Helpful content, including video and long-form written content, can build consideration and enable favourable comparison between brands.
Enabling a frictionless sale is critical. Clear calls-to-action and the relevant product and price information must be prominently visible at all opportunities.
Cross sell is critical too. This can be in the form of marketplace systems or recommendation widgets on owned sites.
Data should be collected throughout, be it first-party personal data that allows us to continue communication in direct channels or within the marketplaces or pixels that allow retargeting on other ad ecosystems.
Actioning the full-funnel value of ecommerce:
Audit: understand how competitors, in relation to your brand, are making the most of ecommerce’s full-funnel opportunity.
Research: understand the customer journey and the “webrooming” impact that an ecommerce experience might have on other sales channels.

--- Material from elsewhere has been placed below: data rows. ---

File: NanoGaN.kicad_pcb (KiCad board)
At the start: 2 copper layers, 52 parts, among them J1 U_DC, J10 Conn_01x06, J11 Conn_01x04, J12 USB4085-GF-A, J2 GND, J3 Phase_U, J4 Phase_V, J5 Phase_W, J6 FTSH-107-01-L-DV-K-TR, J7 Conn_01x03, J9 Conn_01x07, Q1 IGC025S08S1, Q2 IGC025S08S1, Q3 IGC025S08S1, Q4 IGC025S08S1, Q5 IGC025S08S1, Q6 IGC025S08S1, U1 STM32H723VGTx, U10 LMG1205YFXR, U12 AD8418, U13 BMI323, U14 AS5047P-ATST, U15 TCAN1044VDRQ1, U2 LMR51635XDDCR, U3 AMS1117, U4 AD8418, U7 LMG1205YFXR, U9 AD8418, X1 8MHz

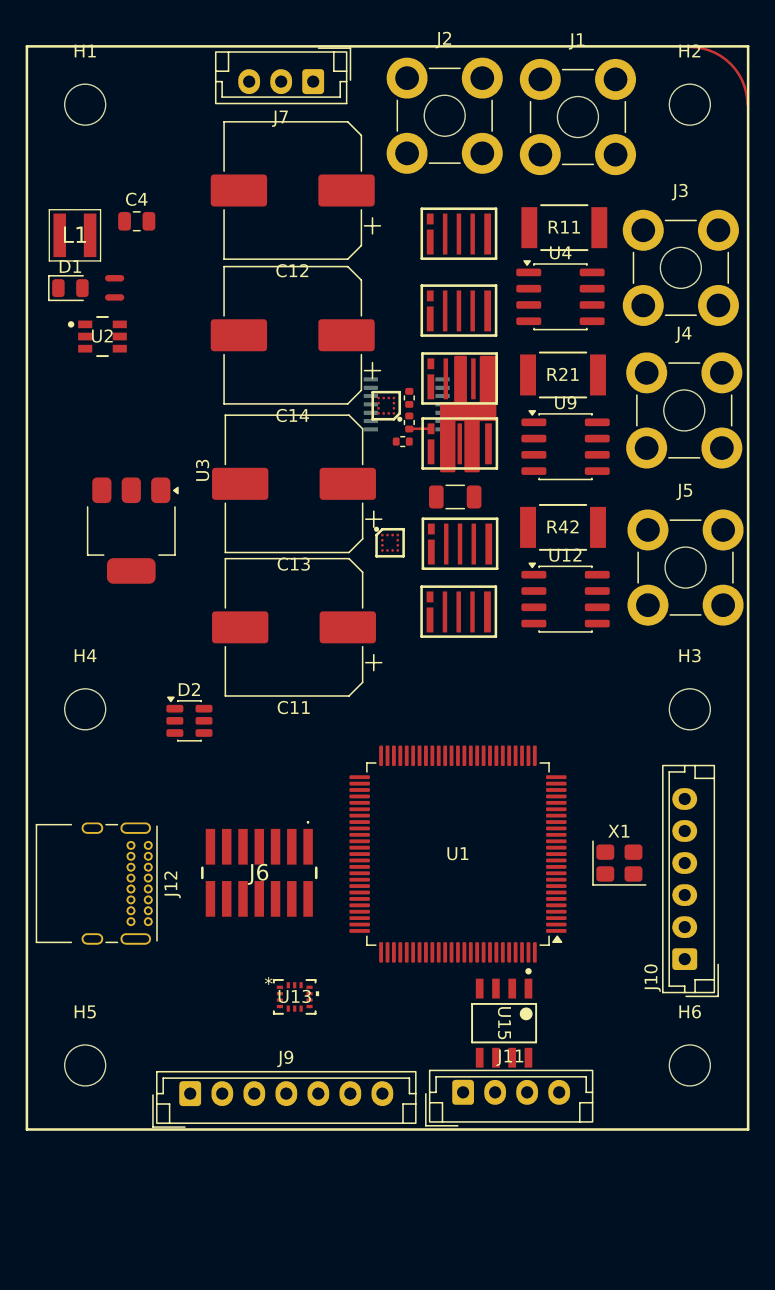
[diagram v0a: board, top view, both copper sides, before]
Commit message: Updated the DC/DC converter from I_out = 2A to 3.5A  and fsw = 1.1MHz to 400kHz
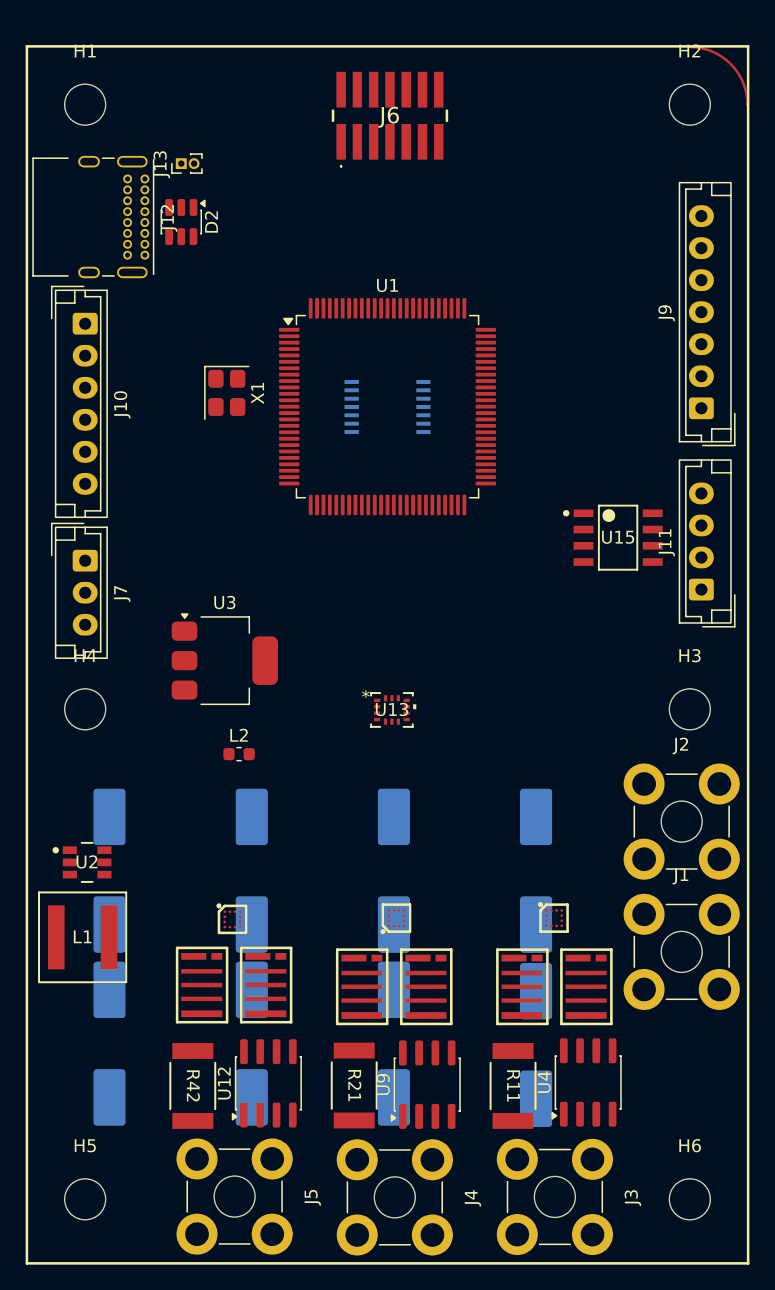
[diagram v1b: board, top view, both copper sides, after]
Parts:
- removed C4: 100n, Capacitor_SMD:C_0805_2012Metric
- removed C48: 1u, Capacitor_SMD:C_1206_3216Metric
- removed D1: RED, LED_SMD:LED_0805_2012Metric
- removed NT1, NT2: NetTie_2, NetTie:NetTie-2_SMD_Pad0.5mm
- removed R17, R18: 1, Resistor_SMD:R_0402_1005Metric
- removed R20: 39k, Resistor_SMD:R_0402_1005Metric
- added C27: 150u, Capacitor_SMD:CP_Elec_10x10.5, B.Cu at (21.9, 93.3)
- added C35: 150u, Capacitor_SMD:CP_Elec_10x10.5, B.Cu at (33.0, 93.3)
- added C44: 150u, Capacitor_SMD:CP_Elec_10x10.5, B.Cu at (44.1, 93.3)
- added C81: 150u, Capacitor_SMD:CP_Elec_10x10.5, B.Cu at (55.2, 93.4)
- added J13: Conn_01x02, Connector_PinHeader_1.00mm:PinHeader_1x02_P1.00mm_Vertical, F.Cu at (27.5, 24.6)
- added L2: 39n, Inductor_SMD:L_0603_1608Metric, F.Cu at (32.0, 70.7)
- added U5: LMG1205YFXR, NanoGaN:BGA12C40P4X4_173X188X68, F.Cu at (56.6, 83.5)
- C11, C12, C13, C14: moved to B.Cu
- L1: value 3u3 -> 10u; footprint NanoGaN:XAL40XX -> NanoGaN:IND_XAL60XX-240H_COC
- moved J3 73.2 mm to (56.7, 105.3), turned to -90 degrees
- moved J10 68.2 mm to (20.0, 37.1), turned to -90 degrees
- moved R11 67.1 mm to (53.4, 96.6), turned to -90 degrees
- moved J9 66.7 mm to (68.1, 43.7), turned to 90 degrees
- moved J1 65.7 mm to (66.6, 86.1)
- moved J4 65.5 mm to (44.2, 105.3), turned to -90 degrees
- moved U4 61.4 mm to (59.3, 96.3), turned to 90 degrees
- moved J5 60.4 mm to (31.7, 105.2), turned to -90 degrees
- moved J6 60.0 mm to (43.8, 20.9), turned to 0 degrees
- moved Q1 59.3 mm to (54.4, 88.9), turned to -90 degrees
- moved J2 58.1 mm to (66.6, 76.0)
- moved R21 57.8 mm to (41.0, 96.6), turned to -90 degrees
- moved C12 56.4 mm to (55.2, 79.8), turned to -90 degrees
- moved L1 54.8 mm to (19.8, 85.0)
- moved Q2 54.0 mm to (59.4, 88.9), turned to -90 degrees
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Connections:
- D2 pad 4: Net-(D2-I/O2-Pad4) -> /Connectors/D+
- D2 pad 6: Net-(D2-I/O1-Pad6) -> /Connectors/D-
- J12 pad A5: unconnected-(J12-CC1-PadA5) -> Net-(J12-CC1)
- J12 pad A6: Net-(D2-I/O2-Pad4) -> /Connectors/D+
- J12 pad A7: Net-(D2-I/O1-Pad6) -> /Connectors/D-
- J12 pad B5: unconnected-(J12-CC2-PadB5) -> Net-(J12-CC2)
- J12 pad B6: Net-(D2-I/O2-Pad4) -> /Connectors/D+
- J12 pad B7: Net-(D2-I/O1-Pad6) -> /Connectors/D-
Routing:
- net /HalfBridgeV/LOL: track 1.70 -> 0.00 mm
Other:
- board text added: "${REFERENCE}"

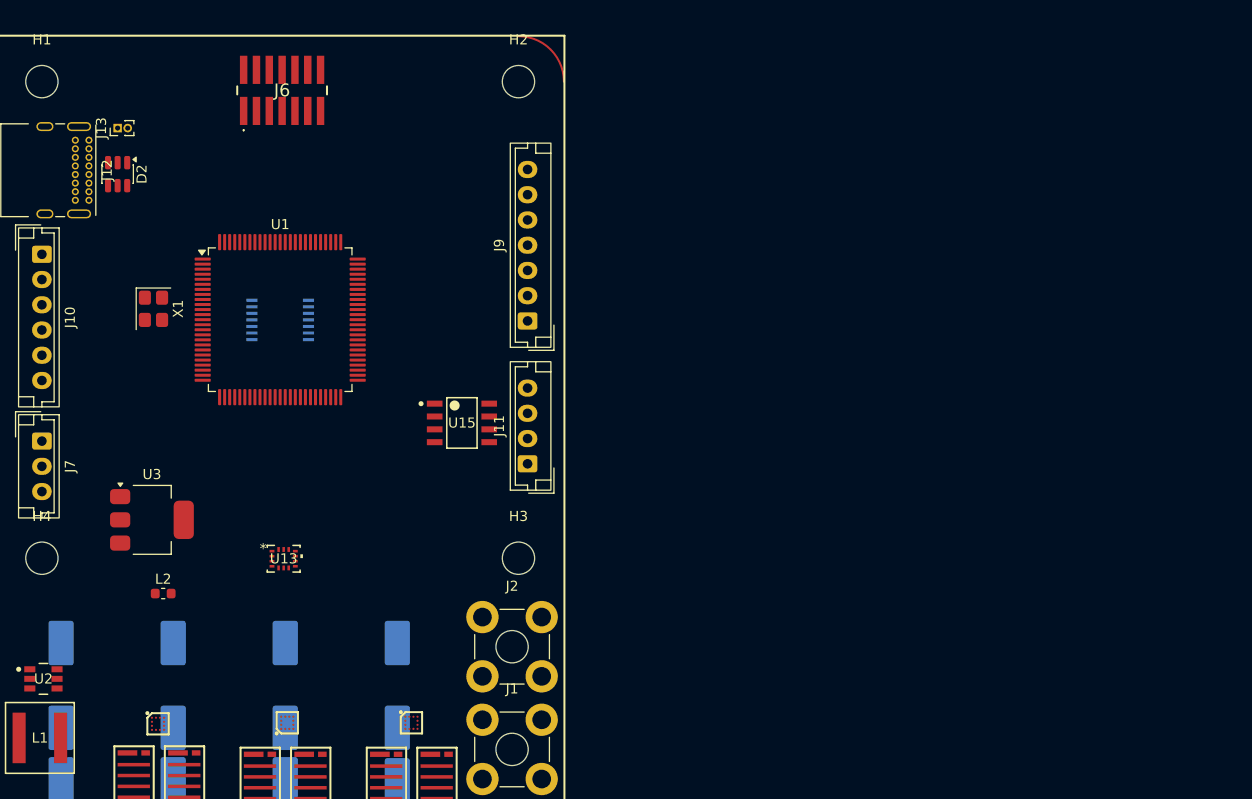
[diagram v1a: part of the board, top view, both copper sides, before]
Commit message: added cooling channel trace on F silkscreen and rearranged a few components
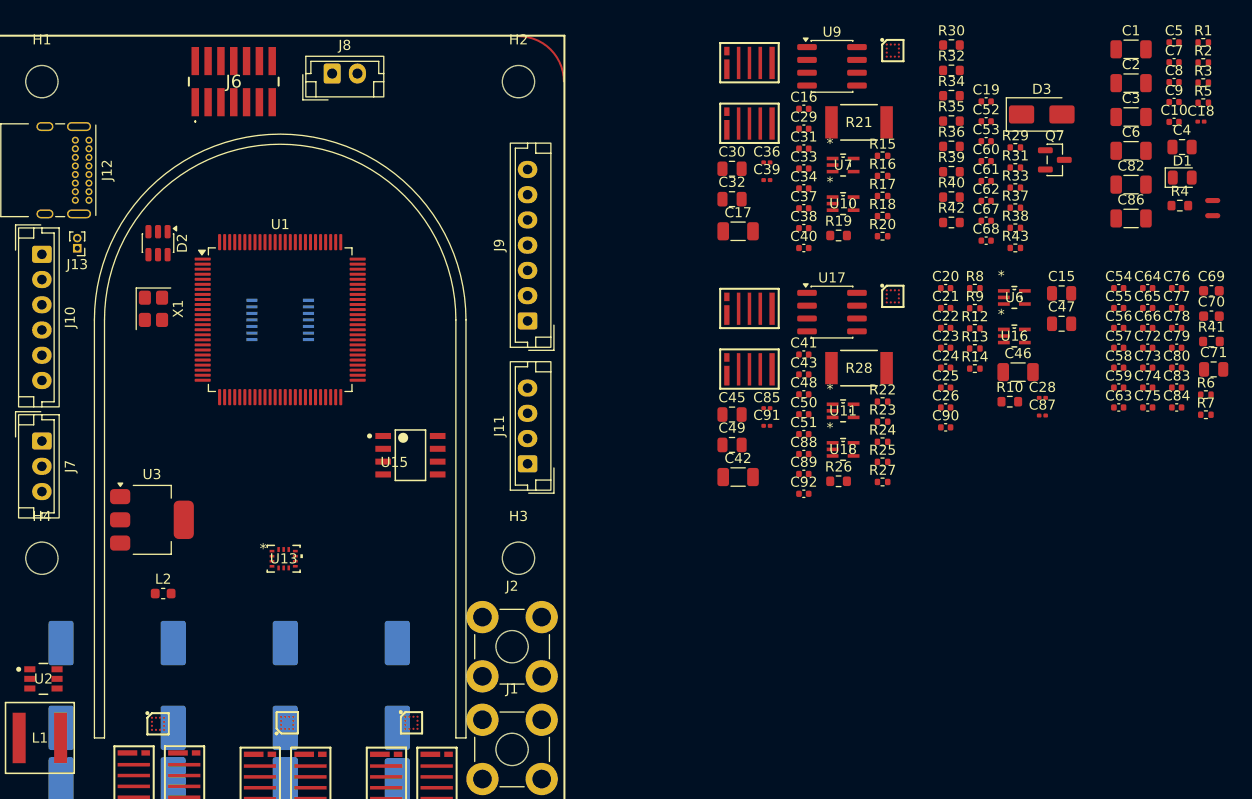
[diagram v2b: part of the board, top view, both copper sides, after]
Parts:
- added C1: 1u, Capacitor_SMD:C_1206_3216Metric, F.Cu at (127.9, 16.8)
- added C10: 100n, Capacitor_SMD:C_0402_1005Metric, F.Cu at (132.1, 24.0)
- added C15: 100n, Capacitor_SMD:C_0805_2012Metric, F.Cu at (121.0, 41.0)
- added C16: 1u, Capacitor_SMD:C_0402_1005Metric, F.Cu at (95.5, 22.7)
- added C17: 1u, Capacitor_SMD:C_1206_3216Metric, F.Cu at (89.0, 34.8)
- added C18: 1n, Capacitor_SMD:C_0201_0603Metric, F.Cu at (134.8, 24.0)
- added C19: 4.7n, Capacitor_SMD:C_0402_1005Metric, F.Cu at (113.5, 22.0)
- added C2: 1u, Capacitor_SMD:C_1206_3216Metric, F.Cu at (127.9, 20.1)
- added C20: 1u, Capacitor_SMD:C_0402_1005Metric, F.Cu at (109.5, 40.5)
- added C21: 100n, Capacitor_SMD:C_0402_1005Metric, F.Cu at (109.5, 42.4)
- added C22: 100n, Capacitor_SMD:C_0402_1005Metric, F.Cu at (109.5, 44.4)
- added C23: 100n, Capacitor_SMD:C_0402_1005Metric, F.Cu at (109.5, 46.4)
- added C24: 100n, Capacitor_SMD:C_0402_1005Metric, F.Cu at (109.5, 48.3)
- added C25: 100n, Capacitor_SMD:C_0402_1005Metric, F.Cu at (109.5, 50.3)
- added C26: 1u, Capacitor_SMD:C_0402_1005Metric, F.Cu at (109.5, 52.3)
- added C28: 1n, Capacitor_SMD:C_0201_0603Metric, F.Cu at (119.1, 51.3)
- added C29: 100n, Capacitor_SMD:C_0402_1005Metric, F.Cu at (95.5, 24.7)
- added C3: 1u, Capacitor_SMD:C_1206_3216Metric, F.Cu at (127.9, 23.5)
- added C30: 100n, Capacitor_SMD:C_0805_2012Metric, F.Cu at (88.3, 28.6)
- added C31: 100n, Capacitor_SMD:C_0402_1005Metric, F.Cu at (95.5, 26.6)
- added C32: 100n, Capacitor_SMD:C_0805_2012Metric, F.Cu at (88.3, 31.6)
- added C33: 100n, Capacitor_SMD:C_0402_1005Metric, F.Cu at (95.5, 28.6)
- added C34: 100n, Capacitor_SMD:C_0402_1005Metric, F.Cu at (95.5, 30.6)
- added C36: 1n, Capacitor_SMD:C_0201_0603Metric, F.Cu at (91.8, 28.0)
- added C37: 1u, Capacitor_SMD:C_0402_1005Metric, F.Cu at (95.5, 32.5)
- added C38: 100n, Capacitor_SMD:C_0402_1005Metric, F.Cu at (95.5, 34.5)
- added C39: 1n, Capacitor_SMD:C_0201_0603Metric, F.Cu at (91.8, 29.8)
- added C4: 100n, Capacitor_SMD:C_0805_2012Metric, F.Cu at (132.9, 26.5)
- added C40: 15n, Capacitor_SMD:C_0402_1005Metric, F.Cu at (95.5, 36.5)
- added C41: 1u, Capacitor_SMD:C_0402_1005Metric, F.Cu at (95.5, 47.0)
- added C42: 1u, Capacitor_SMD:C_1206_3216Metric, F.Cu at (89.0, 59.2)
- added C43: 100n, Capacitor_SMD:C_0402_1005Metric, F.Cu at (95.5, 49.0)
- added C45: 100n, Capacitor_SMD:C_0805_2012Metric, F.Cu at (88.3, 53.0)
- added C46: 1u, Capacitor_SMD:C_1206_3216Metric, F.Cu at (116.7, 48.8)
- added C47: 100n, Capacitor_SMD:C_0805_2012Metric, F.Cu at (121.0, 44.0)
- added C48: 100n, Capacitor_SMD:C_0402_1005Metric, F.Cu at (95.5, 51.0)
- added C49: 100n, Capacitor_SMD:C_0805_2012Metric, F.Cu at (88.3, 56.0)
- added C5: 100n, Capacitor_SMD:C_0402_1005Metric, F.Cu at (132.1, 16.1)
- added C50: 100n, Capacitor_SMD:C_0402_1005Metric, F.Cu at (95.5, 52.9)
- added C51: 100n, Capacitor_SMD:C_0402_1005Metric, F.Cu at (95.5, 54.9)
- added C52: 1u, Capacitor_SMD:C_0402_1005Metric, F.Cu at (113.5, 23.9)
- added C53: 1u, Capacitor_SMD:C_0402_1005Metric, F.Cu at (113.5, 25.9)
- added C54: 1u, Capacitor_SMD:C_0402_1005Metric, F.Cu at (126.7, 40.5)
- added C55: 100n, Capacitor_SMD:C_0402_1005Metric, F.Cu at (126.7, 42.4)
- added C56: 100n, Capacitor_SMD:C_0402_1005Metric, F.Cu at (126.7, 44.4)
- added C57: 100n, Capacitor_SMD:C_0402_1005Metric, F.Cu at (126.7, 46.4)
- added C58: 1u, Capacitor_SMD:C_0402_1005Metric, F.Cu at (126.7, 48.3)
- added C59: 100n, Capacitor_SMD:C_0402_1005Metric, F.Cu at (126.7, 50.3)
- added C6: 47u, Capacitor_SMD:C_1206_3216Metric, F.Cu at (127.9, 26.9)
- added C60: 4.7n, Capacitor_SMD:C_0402_1005Metric, F.Cu at (113.5, 27.9)
- added C61: 4.7n, Capacitor_SMD:C_0402_1005Metric, F.Cu at (113.5, 29.8)
- added C62: 4.7n, Capacitor_SMD:C_0402_1005Metric, F.Cu at (113.5, 31.8)
- added C63: 1u, Capacitor_SMD:C_0402_1005Metric, F.Cu at (126.7, 52.3)
- added C64: 100n, Capacitor_SMD:C_0402_1005Metric, F.Cu at (129.5, 40.5)
- added C65: 1u, Capacitor_SMD:C_0402_1005Metric, F.Cu at (129.5, 42.4)
- added C66: 100n, Capacitor_SMD:C_0402_1005Metric, F.Cu at (129.5, 44.4)
- added C67: 1u, Capacitor_SMD:C_0402_1005Metric, F.Cu at (113.5, 33.8)
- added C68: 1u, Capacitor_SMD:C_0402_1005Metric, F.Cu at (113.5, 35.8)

Business case: demonstrate that a sale through a direct or brand-operated channel is worth more than a sale through an indirect channel such as an online supermarket. Consider the value generated among the of the 90% of people that did not purchase then and there.
Ecommerce experience design and optimisation: set up or optimise your store, either as a fully D2C environment or a partially direct brand-operated marketplace. This needn’t mean a large outlay. A brand could add search-optimised content or experiences to an existing store or set up an MVP with a limited product range, for example.
Full-funnel activation: breakdown silos to create an always-on, full-funnel activation programme that uses ecommerce data to reach people and effectively and efficiently move them down the funnel to conversion, loyalty and advocacy.